**What the task requires**
Every line of the entries with the word "designer" in it should be shown.
--------------------
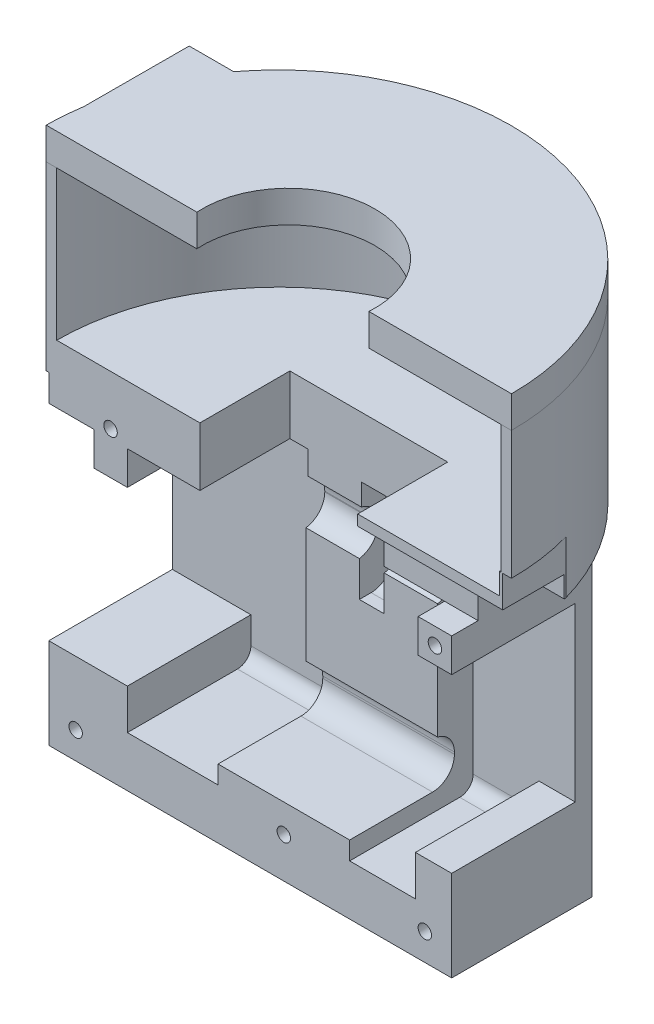
from build123d import *

# Parameters (mm, degrees)
BOSS_EXTRUDE4_START        = -101.558494002
BOSS_EXTRUDE4_OUTLINE_R    = 1.27
BOSS_EXTRUDE4_DEPTH        = 26.543
BOSS_EXTRUDE4_2_DEPTH      = 3.175
BOSS_EXTRUDE4_START_2      = -98.383494002
BOSS_EXTRUDE4_3_OUTLINE_W  = 4.699
BOSS_EXTRUDE4_3_OUTLINE_H  = 19.05
BOSS_EXTRUDE4_3_DEPTH      = 3.175
BOSS_EXTRUDE4_START_3      = -86.941966379
BOSS_EXTRUDE4_4_OUTLINE_W  = 27.430295146
BOSS_EXTRUDE4_4_OUTLINE_H  = 6
BOSS_EXTRUDE4_4_DEPTH      = 6.926472377
BOSS_EXTRUDE4_START_4      = -95.208494002
BOSS_EXTRUDE4_5_OUTLINE_W  = 29.845
BOSS_EXTRUDE4_5_OUTLINE_H  = 6
BOSS_EXTRUDE4_5_DEPTH      = 3.175
BOSS_EXTRUDE4_6_OUTLINE_W  = 4.699
BOSS_EXTRUDE4_6_OUTLINE_H  = 19.05
BOSS_EXTRUDE4_6_DEPTH      = 0.381
BOSS_EXTRUDE4_START_5      = -44.196
BOSS_EXTRUDE4_7_DEPTH      = 24.892
BOSS_EXTRUDE4_8_DEPTH      = 10.0965
BOSS_EXTRUDE4_START_6      = -29.4005
BOSS_EXTRUDE4_9_DEPTH      = 10.0965
BOSS_EXTRUDE4_START_7      = -62
BOSS_EXTRUDE4_10_OUTLINE_W = 5.08
BOSS_EXTRUDE4_10_OUTLINE_H = 3.175
BOSS_EXTRUDE4_10_DEPTH     = 56
BOSS_EXTRUDE4_START_8      = 61.1124
BOSS_EXTRUDE4_11_DEPTH     = 6
BOSS_EXTRUDE4_START_9      = 56.0324
BOSS_EXTRUDE4_12_OUTLINE_W = 29.845
BOSS_EXTRUDE4_12_OUTLINE_H = 3.175
BOSS_EXTRUDE4_12_DEPTH     = 5.08
BOSS_EXTRUDE4_START_10     = 55.687225257
BOSS_EXTRUDE4_13_OUTLINE_W = 24.892
BOSS_EXTRUDE4_13_OUTLINE_H = 3.175
BOSS_EXTRUDE4_13_DEPTH     = 1.422815543
BOSS_EXTRUDE5_DEPTH        = 4
INDENT2_START              = 61.1124
INDENT2_DEPTH              = 4
CUT_EXTRUDE1_DEPTH         = 5
BOSS_EXTRUDE6_DEPTH        = 21.543
SKETCH18_W                 = 6.35
SKETCH18_H                 = 6.35
BOSS_EXTRUDE7_DEPTH        = 5
SKETCH19_R                 = 1.27
CUT_EXTRUDE2_DEPTH         = 26.543
SKETCH20_R                 = 42
CUT_EXTRUDE3_DEPTH         = 4
BOSS_EXTRUDE9_DEPTH        = 5
BOSS_EXTRUDE10_DEPTH       = 24.225897016
BOSS_EXTRUDE10_START       = 95.499839318
BOSS_EXTRUDE10_2_OUTLINE_W = 91
BOSS_EXTRUDE10_2_OUTLINE_H = 47
BOSS_EXTRUDE10_2_DEPTH     = 1.500160682
BOSS_EXTRUDE11_DEPTH       = 6


with BuildPart() as part:
    # Boss-Extrude4: read off the stored shape, not the designer's step
    # Boss-Extrude4 outline → Boss-Extrude4 (new body)
    # profile 1 of 3: a face of its own
    with BuildSketch(Plane.XY.offset(BOSS_EXTRUDE4_START)):
        Polygon((0, 61.1124), (-17.78, 61.1124), (-17.78, 56.0324), (-6.35, 56.0324), (-6.35, 49.6824), (0, 49.6824), align=None)
        with Locations((-3.81, 58.5724)):
            Circle(BOSS_EXTRUDE4_OUTLINE_R, mode=Mode.SUBTRACT)
    # profile 2 of 3: a face of its own
    with BuildSketch(Plane.XY.offset(BOSS_EXTRUDE4_START)):
        Polygon((-47.625, 56.0324), (-47.625, 61.1124), (-47.625, 67.1124), (-76.2, 67.1124), (-76.2, 56.0324), (-67.691, 56.0324), (-67.691, 49.6824), (-61.341, 49.6824), (-61.341, 56.0324), align=None)
        with Locations((-64.516, 57.6834)):
            Circle(BOSS_EXTRUDE4_OUTLINE_R, mode=Mode.SUBTRACT)
    # profile 3 of 3: a face of its own
    with BuildSketch(Plane.XY.offset(BOSS_EXTRUDE4_START)):
        Polygon((0, 0), (0, 17.145), (-6.858, 17.145), (-6.858, 9.525), (-19.304, 9.525), (-19.304, 12.954), (-44.196, 12.954), (-44.196, 9.525), (-61.341, 9.525), (-61.341, 17.145), (-76.2, 17.145), (-76.2, 0), align=None)
        with Locations((-71.12, 5.08)):
            Circle(BOSS_EXTRUDE4_OUTLINE_R, mode=Mode.SUBTRACT)
        with Locations((-31.75, 7.62)):
            Circle(BOSS_EXTRUDE4_OUTLINE_R, mode=Mode.SUBTRACT)
        with Locations((-5.08, 5.08)):
            Circle(BOSS_EXTRUDE4_OUTLINE_R, mode=Mode.SUBTRACT)
    extrude(amount=BOSS_EXTRUDE4_DEPTH)

    # Boss-Extrude4 2 outline → Boss-Extrude4 2 (add)
    with BuildSketch(Plane.XY.offset(BOSS_EXTRUDE4_START)):
        Polygon((-47.625, 67.1124), (-47.625, 56.0324), (-61.341, 56.0324), (-61.341, 49.6824), (-67.691, 49.6824), (-67.691, 56.0324), (-76.2, 56.0324), (-76.2, 17.145), (-61.341, 17.145), (-61.341, 9.525), (-44.196, 9.525), (-44.196, 12.954), (-19.304, 12.954), (-19.304, 9.525), (-6.858, 9.525), (-6.858, 17.145), (0, 17.145), (0, 49.6824), (-6.35, 49.6824), (-6.35, 56.0324), (-17.78, 56.0324), (-17.78, 67.1124), align=None)
    extrude(amount=BOSS_EXTRUDE4_2_DEPTH)

    # Boss-Extrude4 3 outline → Boss-Extrude4 3 (add)
    with BuildSketch(Plane.XY.offset(BOSS_EXTRUDE4_START_2)):
        Polygon((-47.625, 67.1124), (-47.625, 56.0324), (-44.196, 56.0324), (-44.196, 12.954), (-19.304, 12.954), (-19.304, 56.0324), (-17.78, 56.0324), (-17.78, 67.1124), align=None)
        with Locations((-31.75, 46.162225257)):
            Rectangle(BOSS_EXTRUDE4_3_OUTLINE_W, BOSS_EXTRUDE4_3_OUTLINE_H, mode=Mode.SUBTRACT)
    extrude(amount=BOSS_EXTRUDE4_3_DEPTH)

    # Boss-Extrude4 4 outline → Boss-Extrude4 4 (add)
    with BuildSketch(Plane.XY.offset(BOSS_EXTRUDE4_START_3)):
        with Locations((-4.064852427, 64.1124)):
            Rectangle(BOSS_EXTRUDE4_4_OUTLINE_W, BOSS_EXTRUDE4_4_OUTLINE_H)
    extrude(amount=BOSS_EXTRUDE4_4_DEPTH)

    # Boss-Extrude4 5 outline → Boss-Extrude4 5 (add)
    with BuildSketch(Plane.XY.offset(BOSS_EXTRUDE4_START_4)):
        with Locations((-32.7025, 64.1124)):
            Rectangle(BOSS_EXTRUDE4_5_OUTLINE_W, BOSS_EXTRUDE4_5_OUTLINE_H)
    extrude(amount=BOSS_EXTRUDE4_5_DEPTH)

    # Boss-Extrude4 6 outline → Boss-Extrude4 6 (add)
    with BuildSketch(Plane.XY.offset(BOSS_EXTRUDE4_START_2)):
        with Locations((-31.75, 46.162225257)):
            Rectangle(BOSS_EXTRUDE4_6_OUTLINE_W, BOSS_EXTRUDE4_6_OUTLINE_H)
    extrude(amount=BOSS_EXTRUDE4_6_DEPTH)

    # Boss-Extrude4 7 outline → Boss-Extrude4 7 (add)
    with BuildSketch(Plane.YZ.offset(BOSS_EXTRUDE4_START_5)):
        with BuildLine():
            Line((55.687225257, -92.033494002), (55.687225257, -93.874994002))
            ThreePointArc((55.687225257, -93.874994002), (54.478308496, -96.793577242), (51.559725257, -98.002494002))
            Line((51.559725257, -98.002494002), (55.687225257, -98.002494002))
            Line((55.687225257, -98.002494002), (55.687225257, -95.208494002))
            Line((55.687225257, -95.208494002), (61.1124, -95.208494002))
            Line((61.1124, -95.208494002), (61.1124, -92.033494002))
            Line((61.1124, -92.033494002), (55.687225257, -92.033494002))
        make_face()
        with BuildLine():
            Line((12.954, -95.208494002), (36.637225257, -95.208494002))
            Line((36.637225257, -95.208494002), (36.637225257, -98.002494002))
            Line((36.637225257, -98.002494002), (40.764725257, -98.002494002))
            ThreePointArc((40.764725257, -98.002494002), (37.846142018, -96.793577242), (36.637225257, -93.874994002))
            Line((36.637225257, -93.874994002), (36.637225257, -91.652494002))
            Line((36.637225257, -91.652494002), (21.4884, -91.652494002))
            ThreePointArc((21.4884, -91.652494002), (20.032074207, -93.937871393), (17.472307372, -94.827494002))
            Line((17.472307372, -94.827494002), (17.0815, -94.827494002))
            ThreePointArc((17.0815, -94.827494002), (14.16291676, -93.618577241), (12.954, -90.699994002))
            Line((12.954, -90.699994002), (12.954, -95.208494002))
        make_face()
    extrude(amount=BOSS_EXTRUDE4_7_DEPTH)

    # Boss-Extrude4 8 outline → Boss-Extrude4 8 (add)
    with BuildSketch(Plane.YZ.offset(BOSS_EXTRUDE4_START_5)):
        with BuildLine():
            Line((55.687225257, -92.033494002), (51.5874, -92.033494002))
            ThreePointArc((51.5874, -92.033494002), (50.131074207, -94.318871393), (47.571307372, -95.208494002))
            Line((47.571307372, -95.208494002), (55.465878608, -95.208494002))
            ThreePointArc((55.465878608, -95.208494002), (55.631512592, -94.55086688), (55.687225257, -93.874994002))
            Line((55.687225257, -93.874994002), (55.687225257, -92.033494002))
        make_face()
        with BuildLine():
            Line((36.858571906, -95.208494002), (47.420143143, -95.208494002))
            ThreePointArc((47.420143143, -95.208494002), (44.711140559, -94.19508476), (43.3324, -91.652494002))
            Line((43.3324, -91.652494002), (36.637225257, -91.652494002))
            Line((36.637225257, -91.652494002), (36.637225257, -93.874994002))
            ThreePointArc((36.637225257, -93.874994002), (36.692937922, -94.55086688), (36.858571906, -95.208494002))
        make_face()
    extrude(amount=BOSS_EXTRUDE4_8_DEPTH)

    # Boss-Extrude4 9 outline → Boss-Extrude4 9 (add)
    with BuildSketch(Plane.YZ.offset(BOSS_EXTRUDE4_START_6)):
        with BuildLine():
            Line((55.687225257, -92.033494002), (51.5874, -92.033494002))
            ThreePointArc((51.5874, -92.033494002), (50.131074207, -94.318871393), (47.571307372, -95.208494002))
            Line((47.571307372, -95.208494002), (55.465878608, -95.208494002))
            ThreePointArc((55.465878608, -95.208494002), (55.631512592, -94.55086688), (55.687225257, -93.874994002))
            Line((55.687225257, -93.874994002), (55.687225257, -92.033494002))
        make_face()
        with BuildLine():
            Line((36.858571906, -95.208494002), (47.420143143, -95.208494002))
            ThreePointArc((47.420143143, -95.208494002), (44.711140559, -94.19508476), (43.3324, -91.652494002))
            Line((43.3324, -91.652494002), (36.637225257, -91.652494002))
            Line((36.637225257, -91.652494002), (36.637225257, -93.874994002))
            ThreePointArc((36.637225257, -93.874994002), (36.692937922, -94.55086688), (36.858571906, -95.208494002))
        make_face()
    extrude(amount=BOSS_EXTRUDE4_9_DEPTH)

    # Boss-Extrude4 10 outline → Boss-Extrude4 10 (add)
    with BuildSketch(Plane.YZ.offset(BOSS_EXTRUDE4_START_7)):
        with Locations((58.5724, -93.620994002)):
            Rectangle(BOSS_EXTRUDE4_10_OUTLINE_W, BOSS_EXTRUDE4_10_OUTLINE_H)
        with BuildLine():
            Line((9.525, -98.383494002), (12.065, -98.383494002))
            ThreePointArc((12.065, -98.383494002), (10.268948776, -97.639545226), (9.525, -95.843494002))
            Line((9.525, -95.843494002), (9.525, -98.383494002))
        make_face()
    extrude(amount=BOSS_EXTRUDE4_10_DEPTH)

    # Boss-Extrude4 11 outline → Boss-Extrude4 11 (add)
    with BuildSketch(Plane(origin=(0, 0, 0), x_dir=(1, 0, 0), z_dir=(0, 1, 0)).offset(BOSS_EXTRUDE4_START_8)):
        with BuildLine():
            ThreePointArc((-76.2, 81.646292879), (-76.576695149, 78.340400016), (-76.7025, 75.015494002))
            Line((-76.7025, 75.015494002), (-76.2, 75.015494002))
            Line((-76.2, 75.015494002), (-76.2, 81.646292879))
        make_face()
        with BuildLine():
            ThreePointArc((9.650295146, 86.941966379), (-24.542264928, 118.252174767), (-67.794794753, 101.558494002))
            Line((-67.794794753, 101.558494002), (-17.78, 101.558494002))
            Line((-17.78, 101.558494002), (-17.78, 86.941966379))
            Line((-17.78, 86.941966379), (9.650295146, 86.941966379))
        make_face()
    extrude(amount=BOSS_EXTRUDE4_11_DEPTH)

    # Boss-Extrude4 12 outline → Boss-Extrude4 12 (add)
    with BuildSketch(Plane(origin=(0, 0, 0), x_dir=(1, 0, 0), z_dir=(0, 1, 0)).offset(BOSS_EXTRUDE4_START_9)):
        with Locations((-32.7025, 93.620994002)):
            Rectangle(BOSS_EXTRUDE4_12_OUTLINE_W, BOSS_EXTRUDE4_12_OUTLINE_H)
    extrude(amount=BOSS_EXTRUDE4_12_DEPTH)

    # Boss-Extrude4 13 outline → Boss-Extrude4 13 (add)
    with BuildSketch(Plane(origin=(0, 0, 0), x_dir=(1, 0, 0), z_dir=(0, 1, 0)).offset(BOSS_EXTRUDE4_START_10)):
        with Locations((-31.75, 93.620994002)):
            Rectangle(BOSS_EXTRUDE4_13_OUTLINE_W, BOSS_EXTRUDE4_13_OUTLINE_H)
    extrude(amount=BOSS_EXTRUDE4_13_DEPTH)

    # Sketch11 → Boss-Extrude5 (add)
    with BuildSketch(Plane(origin=(0, 67.1124, 0), x_dir=(1, 0, 0), z_dir=(0, 1, 0))):
        with BuildLine():
            Line((-17.78, 80.015494002), (9.650295146, 80.015494002))
            Line((9.650295146, 80.015494002), (9.650295146, 86.941966379))
            ThreePointArc((9.650295146, 86.941966379), (-24.542264928, 118.252174767), (-67.794794753, 101.558494002))
            Line((-67.794794753, 101.558494002), (-76.2, 101.558494002))
            Line((-76.2, 101.558494002), (-76.2, 81.646292879))
            ThreePointArc((-76.2, 81.646292879), (-76.576695149, 78.340400016), (-76.7025, 75.015494002))
            Line((-76.7025, 75.015494002), (-47.625, 75.015494002))
            Line((-47.625, 75.015494002), (-47.625, 92.033494002))
            Line((-47.625, 92.033494002), (-17.78, 92.033494002))
            Line((-17.78, 92.033494002), (-17.78, 80.015494002))
        make_face()
    extrude(amount=BOSS_EXTRUDE5_DEPTH)

    # Indent2: read off the stored shape, not the designer's step
    # Indent2 outline → Indent2 (cut)
    with BuildSketch(Plane(origin=(0, 0, 0), x_dir=(1, 0, 0), z_dir=(0, 1, 0)).offset(INDENT2_START)):
        Polygon((-9.889050862, 86.629325085), (-17.78, 86.629325085), (-17.78, 80.015494002), (9.650295146, 80.015494002), (9.650295146, 86.629325085), (0.110949138, 86.629325085), (0.110949138, 90.629325085), (-9.889050862, 90.629325085), align=None)
    extrude(amount=INDENT2_DEPTH, mode=Mode.SUBTRACT)

    # Sketch16 → Cut-Extrude1 (cut)
    with BuildSketch(Plane.XY.offset(-75.015494002)):
        Polygon((0, 61.1124), (-17.78, 61.1124), (-17.78, 56.0324), (-6.35, 56.0324), (-6.35, 49.6824), (0, 49.6824), align=None)
    extrude(amount=-CUT_EXTRUDE1_DEPTH, mode=Mode.SUBTRACT)

    # Sketch17 → Boss-Extrude6 (add)
    with BuildSketch(Plane.XY.offset(-80.015494002)):
        Polygon((0, 49.6824), (0, 61.1124), (-17.78, 61.1124), (-17.78, 56.0324), (-6.35, 56.0324), (-6.35, 49.6824), align=None)
    extrude(amount=-BOSS_EXTRUDE6_DEPTH)

    # Sketch18 → Boss-Extrude7 (add)
    with BuildSketch(Plane.XY.offset(-80.015494002)):
        with Locations((-3.175, 52.8574)):
            Rectangle(SKETCH18_W, SKETCH18_H)
    extrude(amount=BOSS_EXTRUDE7_DEPTH)

    # Sketch19 → Cut-Extrude2 (cut)
    with BuildSketch(Plane.XY.offset(-75.015494002)):
        with Locations((-3.175, 52.8574)):
            Circle(SKETCH19_R)
    extrude(amount=-CUT_EXTRUDE2_DEPTH, mode=Mode.SUBTRACT)

    # Sketch20 → Cut-Extrude3 (cut)
    with BuildSketch(Plane(origin=(0, 71.1124, 0), x_dir=(1, 0, 0), z_dir=(0, 1, 0))):
        with Locations((-32.7025, 75.015494002)):
            Circle(SKETCH20_R)
    extrude(amount=-CUT_EXTRUDE3_DEPTH, mode=Mode.SUBTRACT)

    # Sketch23 → Boss-Extrude9 (add)
    with BuildSketch(Plane.XY.offset(-80.015494002)):
        Polygon((9.650295146, 71.1124), (8.998818924, 71.1124), (8.998818924, 67.1124), (-17.78, 67.1124), (-17.78, 65.1124), (9.650295146, 65.1124), align=None)
    extrude(amount=BOSS_EXTRUDE9_DEPTH)

    # Boss-Extrude10: read off the stored shape, not the designer's step
    # Boss-Extrude10 outline → Boss-Extrude10 (add)
    with BuildSketch(Plane(origin=(0, 71.1124, 0), x_dir=(1, 0, 0), z_dir=(0, 1, 0))):
        with BuildLine():
            ThreePointArc((-74.7025, 75.015494002), (-46.790110082, 114.582389788), (-0.153012277, 101.558494002))
            ThreePointArc((-0.153012277, 101.558494002), (6.864395786, 89.103104084), (9.2975, 75.015494002))
            Line((9.2975, 75.015494002), (11.2975, 75.015494002))
            ThreePointArc((11.2975, 75.015494002), (-18.703588777, 116.729166635), (-67.794794753, 101.558494002))
            Line((-67.794794753, 101.558494002), (-76.2, 101.558494002))
            Line((-76.2, 101.558494002), (-76.2, 81.646292879))
            ThreePointArc((-76.2, 81.646292879), (-76.576695149, 78.340400016), (-76.7025, 75.015494002))
            Line((-76.7025, 75.015494002), (-74.7025, 75.015494002))
        make_face()
    extrude(amount=BOSS_EXTRUDE10_DEPTH)

    # Boss-Extrude10 2 outline → Boss-Extrude10 2 (cut)
    with BuildSketch(Plane(origin=(0, 0, 0), x_dir=(1, 0, 0), z_dir=(0, 0.9999976749508124, -0.0021564074219559007)).offset(BOSS_EXTRUDE10_START)):
        with Locations((-32.5, 96.5)):
            Rectangle(BOSS_EXTRUDE10_2_OUTLINE_W, BOSS_EXTRUDE10_2_OUTLINE_H)
    extrude(amount=BOSS_EXTRUDE10_2_DEPTH, mode=Mode.SUBTRACT)

    # Sketch26 → Boss-Extrude11 (add)
    with BuildSketch(Plane(origin=(0, 95.499617276, -0.205936562), x_dir=(1, 0, 0), z_dir=(0, 0.9999976749508124, -0.002156407421956261))):
        with BuildLine():
            Line((11.2975, 74.809731376), (-15.671546302, 74.809731376))
            ThreePointArc((-15.671546302, 74.809731376), (-31.94102841, 92.21425616), (-48.210510518, 74.809731376))
            Line((-48.210510518, 74.809731376), (-76.7025, 74.809731376))
            add(Edge.make_bspline(
                [(-76.2, 81.44054567), (-76.7025, 78.144178977), (-76.7025, 74.809731376)],
                knots=[1.419520031, 1.419520031, 1.419520031, 1.570796327, 1.570796327, 1.570796327], degree=2, weights=[1, 0.997140799, 1]))
            Line((-76.2, 81.44054567), (-76.2, 101.35279309))
            Line((-76.2, 101.35279309), (-67.794794753, 101.35279309))
            add(Edge.make_bspline(
                [(11.2975, 74.809731376), (11.2975, 205.920346621), (-67.794794753, 101.35279309)],
                knots=[4.71238898, 4.71238898, 4.71238898, 7.206411806, 7.206411806, 7.206411806], degree=2, weights=[1, 0.318157073, 1]))
        make_face()
    extrude(amount=BOSS_EXTRUDE11_DEPTH)


solid = part.part
--------------------
**Solved problem**
    # Boss-Extrude4: read off the stored shape, not the designer's step
    # Indent2: read off the stored shape, not the designer's step
    # Boss-Extrude10: read off the stored shape, not the designer's step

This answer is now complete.